Harold had left the porch before his father came home with the beefsteak for supper, and Mrs. Jones met her husband with: "Pa Jones, what could you be thinking of—punishing that boy before the other children? Do you want to break what little spirit he has? Why, that child was nearly in hysterics for an hour after you left!"

Mr. Jones hung up his crooked cane, put a stick of wood in the stove, scraped his pipe with his knife, and blew through the stem.

"I guess he wasn't hurt much," replied the father. Then he added, as he put a live coal in the pipe: "I s'pose you went an' babied him an' spoiled it all." There was a puffing pause, after which Mr. Jones added, "If you'd let him go more, an' didn't worry your head off when he was out of sight, he'd amount to more."

Mrs. Jones always gave her husband three moves before she spoke. "Yes! yes! you'd make that boy a regular little rowdy if you had your way, William Jones."

In the mean time Harold Jones had heard a long, shrill whistle in the alley, and, answering it, he ran as rapidly as his spindling legs would carry him. He knew it was the boys. They were grinning broadly when he came to them. It was Piggy Pennington who first spoke, "Oh, pa, I won't do it any more," repeating the phrase several times in a suppressed voice, and leering impishly at Mealy.

"Aw, you're makin' that up," answered Mealy in embarrassment. But Piggy continued his teasing until Abe Carpenter said: "Say, Mealy, we want you to go to the cave with us to-morrow; can you?"

The "can you" was an imputation on his personal liberty that Mealy resented. He replied "Uh-huh! you just bet your bottom dollar I can." Piggy began teasing again, but Abe silenced him, and the boys sat in the dirt behind the barn, chattering about the new boy, whose name, according to the others, was "Bud" Perkins. Mealy entered the conversation with much masculine pomp—too much, in fact; for when he became particularly vain-glorious some one in the group was certain to glance at his shoes—and shoes in June in Boyville are insignia of the weaker sex, the badges of shame.

But Mealy did not feel his disgrace. He walked up the ash path to the kitchen with an excellent imitation of manly pride in his gait. He kicked at a passing cat, and shook his head bravely, talking to himself about the way he would have whipped the new boy if his father had not interrupted the fight.

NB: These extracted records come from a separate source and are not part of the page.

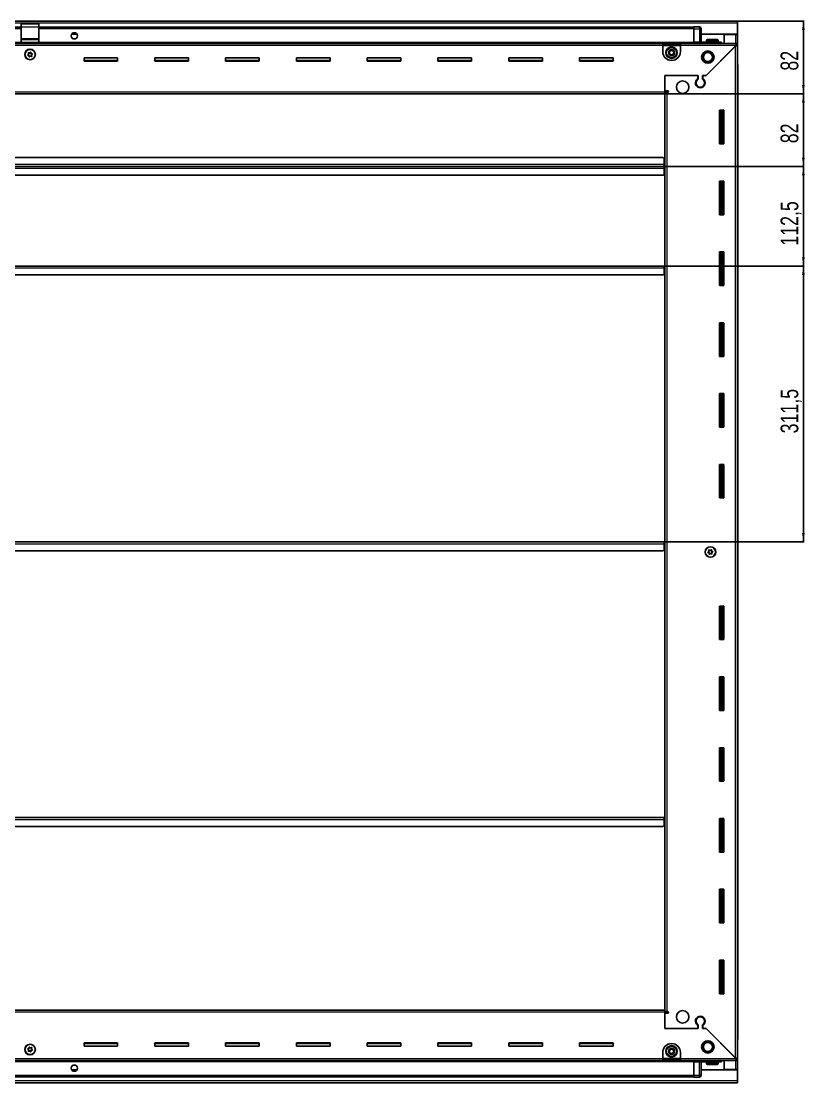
# Model space of a CAD drawing. Header units: millimetres. Extents: x 1132 to 6686, y -999 to 2272.
# Drawn here: x 5800 to 6686, y 848 to 2047 of the extents above; entities that cross this region are included whole.
import ezdxf

# ---------------------------------------------------------------- set-up
doc = ezdxf.new("R2010")
doc.units = ezdxf.units.MM
doc.layers.add('FORMAT', color=7, linetype='Continuous')
doc.styles.add('SLDTEXTSTYLE0', font='TXT', dxfattribs={"width": 0.75})
doc.dimstyles.new('SLDDIMSTYLE0', dxfattribs={"dimtxt": 20, "dimasz": 10, "dimexe": 0, "dimexo": 0.0625, "dimgap": 5, "dimtad": 2, "dimdec": 1, "dimrnd": 1e-09, "dimzin": 12, "dimdsep": 46, "dimtxsty": 'SLDTEXTSTYLE0', "dimsah": 1, "dimcen": 0.09, "dimadec": 0, "dimazin": 3, "dimtfac": 1, "dimtofl": 0, "dimtmove": 0, "dimatfit": 3, "dimfxl": 0, "dimfrac": 2, "dimtolj": 1, "dimtzin": 12, "dimarcsym": 0})

# ---------------------------------------------------------------- blocks, each defined once
blk = doc.blocks.new('_D_7')
at = {"layer": 'FORMAT'}
for p, q in [((6609.5, 2046.6), (6685, 2046.6)), ((6684, 2046.6), (6684, 1964.6)), ((6527.5, 1964.6), (6685, 1964.6))]:
    blk.add_line(p, q, dxfattribs=at)
for points in [[(6684, 2046.6), (6682.4, 2036.6), (6685.5, 2036.6)], [(6684, 1964.6), (6685.5, 1974.6), (6682.4, 1974.6)]]:
    blk.add_solid(points, dxfattribs=at)
at = {"layer": 'FORMAT', "insert": (6658.2, 1990.8), "char_height": 20, "attachment_point": 1, "rotation": 90, "style": 'SLDTEXTSTYLE0'}
blk.add_mtext('82', dxfattribs=at)
blk = doc.blocks.new('_D_8')
at = {"layer": 'FORMAT'}
for p, q in [((6527.5, 1964.6), (6685, 1964.6)), ((6684, 1882.6), (6684, 1964.6)), ((6526.5, 1882.6), (6685, 1882.6))]:
    blk.add_line(p, q, dxfattribs=at)
for points in [[(6684, 1964.6), (6682.4, 1954.6), (6685.5, 1954.6)], [(6684, 1882.6), (6685.5, 1892.6), (6682.4, 1892.6)]]:
    blk.add_solid(points, dxfattribs=at)
at = {"layer": 'FORMAT', "insert": (6658.2, 1908.8), "char_height": 20, "attachment_point": 1, "rotation": 90, "style": 'SLDTEXTSTYLE0'}
blk.add_mtext('82', dxfattribs=at)
blk = doc.blocks.new('_D_9')
at = {"layer": 'FORMAT'}
for p, q in [((6526.5, 1882.6), (6685, 1882.6)), ((6684, 1882.6), (6684, 1770.1)), ((6526.5, 1770.1), (6685, 1770.1))]:
    blk.add_line(p, q, dxfattribs=at)
for points in [[(6684, 1882.6), (6682.4, 1872.6), (6685.5, 1872.6)], [(6684, 1770.1), (6685.5, 1780.1), (6682.4, 1780.1)]]:
    blk.add_solid(points, dxfattribs=at)
at = {"layer": 'FORMAT', "insert": (6658.2, 1793.1), "char_height": 20, "attachment_point": 1, "rotation": 90, "style": 'SLDTEXTSTYLE0'}
blk.add_mtext('112,5', dxfattribs=at)
blk = doc.blocks.new('_D_10')
at = {"layer": 'FORMAT'}
for p, q in [((6526.5, 1770.1), (6685, 1770.1)), ((6684, 1770.1), (6684, 1458.6)), ((6526.5, 1458.6), (6685, 1458.6))]:
    blk.add_line(p, q, dxfattribs=at)
for points in [[(6684, 1770.1), (6682.4, 1760.1), (6685.5, 1760.1)], [(6684, 1458.6), (6685.5, 1468.6), (6682.4, 1468.6)]]:
    blk.add_solid(points, dxfattribs=at)
at = {"layer": 'FORMAT', "insert": (6658.2, 1581.1), "char_height": 20, "attachment_point": 1, "rotation": 90, "style": 'SLDTEXTSTYLE0'}
blk.add_mtext('311,5', dxfattribs=at)

msp = doc.modelspace()

# ---------------------------------------------------------------- linework, layer by layer
at = {"color": 7, "linetype": 'Continuous', "lineweight": 25}
for p, q in [((5010.48, 2046.6), (6609.48, 2046.6)), ((5799.98, 2039.95), (5059.98, 2039.95)), ((5799.98, 2043.6), (5819.98, 2043.6)), ((5799.98, 2040.34), (5799.98, 2043.6)), ((5799.98, 2027.19), (5799.98, 2040.34)), ((5819.98, 2040.34), (5819.98, 2043.6)), ((5819.98, 2027.19), (5819.98, 2040.34)), ((6559.98, 2039.95), (5819.98, 2039.95)), ((6559.98, 2040.1), (6559.98, 2040.1)), ((6566.48, 2040.1), (6559.98, 2040.1)), ((6566.48, 2040.1), (6559.98, 2040.1)), ((6559.98, 2040.1), (6559.98, 2038.1)), ((6609.48, 2046.6), (6609.48, 2044.5)), ((6609.48, 2044.5), (6609.48, 2032.1)), ((5799.98, 2026.1), (5799.98, 2027.19)), ((5819.98, 2026.1), (5819.98, 2027.19)), ((5862.86, 2032.1), (5857.11, 2032.1)), ((6559.98, 2023.1), (6559.98, 2038.1)), ((6568.48, 2038.1), (6568.48, 2038.1)), ((6568.48, 2023.1), (6568.48, 2038.1)), ((6609.48, 2032.1), (6568.48, 2032.1)), ((6594.48, 2021.35), (6594.48, 2031.6)), ((6594.48, 2031.6), (6607.38, 2031.6)), ((6607.38, 2031.6), (6609.48, 2031.6)), ((6607.98, 2031.6), (6607.98, 2032.1)), ((6609.48, 2031.6), (6609.48, 2032.1)), ((6609.48, 2031.6), (6609.48, 2021.35)), ((5059.98, 2021.95), (6559.98, 2021.95)), ((5094.98, 2021.35), (6524.98, 2021.35)), ((5799.98, 2026.1), (5819.98, 2026.1)), ((5799.98, 2022.6), (5799.98, 2026.1)), ((5799.98, 2022.6), (5819.98, 2022.6)), ((5803.98, 2022.6), (5803.98, 2021.95)), ((5806.48, 2021.95), (5806.48, 2022.6)), ((5813.48, 2021.95), (5813.48, 2022.6)), ((5815.98, 2021.95), (5815.98, 2022.6)), ((5819.98, 2022.6), (5819.98, 2026.1)), ((6524.98, 2019.25), (6524.98, 2021.35)), ((6524.98, 2021.35), (6544.98, 2021.35)), ((6524.98, 2019.85), (6544.98, 2019.85)), ((6524.98, 2012.35), (6524.98, 2019.25)), ((6544.98, 2021.35), (6608.48, 2021.35)), ((6544.98, 2021.35), (6544.98, 2019.25)), ((6544.98, 2019.25), (6544.98, 2012.35)), ((6559.98, 2023.1), (6559.98, 2022.6)), ((6588.98, 2023.1), (6559.98, 2023.1)), ((6607.38, 2018.75), (6573.28, 1984.65)), ((6573.98, 1985.35), (6607.88, 2019.25)), ((6574.48, 2025), (6574.48, 2023.1)), ((6575.28, 2025.8), (6586.68, 2025.8)), ((6587.48, 2023.1), (6587.48, 2025)), ((6607.98, 2019.35), (6609.48, 2019.35)), ((6608.48, 2019.85), (6608.48, 2021.35)), ((6608.48, 2021.35), (6609.48, 2021.35)), ((6608.48, 2019.85), (6609.48, 2019.85)), ((6609.48, 2019.85), (6609.48, 2021.35)), ((6609.48, 2019.85), (6609.48, 2019.35)), ((6609.48, 2019.35), (6609.48, 874.85)), ((5908.98, 2005.1), (5870.98, 2005.1)), ((5870.98, 2005.1), (5870.98, 2001.6)), ((5908.98, 2002.35), (5870.98, 2002.35)), ((5908.98, 2001.6), (5908.98, 2005.1)), ((5988.98, 2005.1), (5950.98, 2005.1)), ((5950.98, 2005.1), (5950.98, 2001.6)), ((5988.98, 2002.35), (5950.98, 2002.35)), ((5988.98, 2001.6), (5988.98, 2005.1)), ((6068.98, 2005.1), (6030.98, 2005.1)), ((6030.98, 2005.1), (6030.98, 2001.6)), ((6068.98, 2002.35), (6030.98, 2002.35)), ((6068.98, 2001.6), (6068.98, 2005.1)), ((6148.98, 2005.1), (6110.98, 2005.1)), ((6110.98, 2005.1), (6110.98, 2001.6)), ((6148.98, 2002.35), (6110.98, 2002.35)), ((6148.98, 2001.6), (6148.98, 2005.1)), ((6228.98, 2005.1), (6190.98, 2005.1)), ((6190.98, 2005.1), (6190.98, 2001.6)), ((6228.98, 2002.35), (6190.98, 2002.35)), ((6228.98, 2001.6), (6228.98, 2005.1)), ((6308.98, 2005.1), (6270.98, 2005.1)), ((6270.98, 2005.1), (6270.98, 2001.6)), ((6308.98, 2002.35), (6270.98, 2002.35)), ((6308.98, 2001.6), (6308.98, 2005.1)), ((6388.98, 2005.1), (6350.98, 2005.1)), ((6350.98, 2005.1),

As Mrs. Jones heard the boy's step on the porch, she said to his father, "Now, pa, that boy has been punished enough to-day. Don't you say a word to him." Harold walked by his father with averted face. At supper the boy did not look at his father, and when the dishes were put away, Mr. Jones, who sat in the kitchen smoking, heard his wife and the child in a front room, chatting cheerily. The lonesome father smoked his pipe and recalled his youth. The boy's voice brought back his own shrill treble, and he coughed nervously. After Mrs. Jones had put the lad to bed, and was in the pantry arranging for breakfast, the father knocked the ashes from his briar into the stove, and, humming an old tune, went to the boy's bedroom door. He paused awkwardly on the threshold. The boy turned his face toward the wall. The action cut the father to the quick. He walked to the bed and bent over the child, touching a father's rough-bearded face to the soft cheek. He found the soft hand—with a father's large hand—under the sheet, and he held the little hand tightly as he said:

"Well, Harold"—there he paused for a second. But he continued, "Do you think you'd a-licked that boy—if—if—I hadn't a-come?"

Then the two laughed, and a little throb of joyous pain tingled in their throats—such as only boys may feel.